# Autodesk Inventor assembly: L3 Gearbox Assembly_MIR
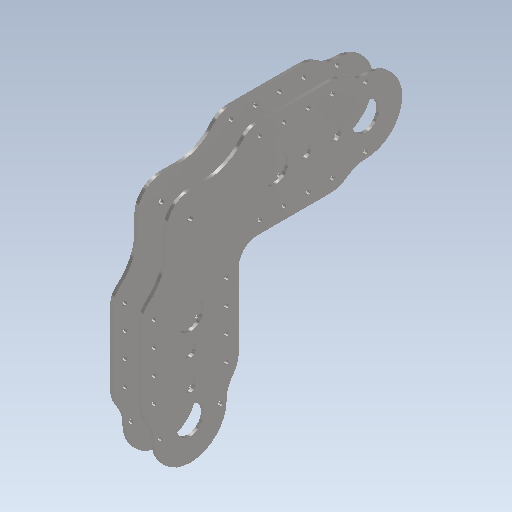
[picture p0: Inventor's stored thumbnail of the model, 512x512]
Saved by Autodesk Inventor 2023 (Build 270158000, 158)
## iProperties
Created: 2023-02-14
Part Number: L3 Gearbox Assembly_MIR
Document SubType Name: Assembly
Designer: Dave
Mass: 1965.41 g
Surface Area: 3646.76 cm^2
Volume: 537.619 cm^3
Density: 3.65577 g/cm^3
Author: Dave
## Documents named in this file (3)
- C:\Users\Dave\Documents\GitHub\BehrendURCMechanical\CAD\Chassis V3\L3 Gearbox Assembly_MIR.iam
- C:\Users\Dave\Documents\GitHub\BehrendURCMechanical\CAD\Chassis V3\L3Plate_MIR.ipt
- C:\Users\Dave\Documents\GitHub\BehrendURCMechanical\CAD\Chassis\GearBox\CH-1-01-0.25IDSmoothBoreBearing_MIR1.ipt
## Components (3 placed, 2 different names)
1. L3Plate_MIR:1 — Angle:1, Flush:2
2. L3Plate_MIR:2 — Insert:9, Flush:2
3. CH-1-01-0.25IDSmoothBoreBearing_MIR1:1 — Insert:9
## Relationships (3: Angle 1, Insert 1, Flush 1)
- Angle:1 (0 deg): L3Plate_MIR:1
- Insert:9: L3Plate_MIR:2 ↔ CH-1-01-0.25IDSmoothBoreBearing_MIR1:1
- Flush:2: L3Plate_MIR:1 ↔ L3Plate_MIR:2
□ □ □ □ □ □ □
Set down the data again, exactly, without images.

# Autodesk Inventor assembly: L3 Gearbox Assembly_MIR
[picture p0: Inventor's stored thumbnail of the model, 512x512]
Saved by Autodesk Inventor 2023 (Build 270158000, 158)
## iProperties
Created: 2023-02-14
Part Number: L3 Gearbox Assembly_MIR
Document SubType Name: Assembly
Designer: Dave
Mass: 1965.41 g
Surface Area: 3646.76 cm^2
Volume: 537.619 cm^3
Density: 3.65577 g/cm^3
Author: Dave
## Documents named in this file (3)
- C:\Users\Dave\Documents\GitHub\BehrendURCMechanical\CAD\Chassis V3\L3 Gearbox Assembly_MIR.iam
- C:\Users\Dave\Documents\GitHub\BehrendURCMechanical\CAD\Chassis V3\L3Plate_MIR.ipt
- C:\Users\Dave\Documents\GitHub\BehrendURCMechanical\CAD\Chassis\GearBox\CH-1-01-0.25IDSmoothBoreBearing_MIR1.ipt
## Components (3 placed, 2 different names)
1. L3Plate_MIR:1 — Angle:1, Flush:2
2. L3Plate_MIR:2 — Insert:9, Flush:2
3. CH-1-01-0.25IDSmoothBoreBearing_MIR1:1 — Insert:9
## Relationships (3: Angle 1, Insert 1, Flush 1)
- Angle:1 (0 deg): L3Plate_MIR:1
- Insert:9: L3Plate_MIR:2 ↔ CH-1-01-0.25IDSmoothBoreBearing_MIR1:1
- Flush:2: L3Plate_MIR:1 ↔ L3Plate_MIR:2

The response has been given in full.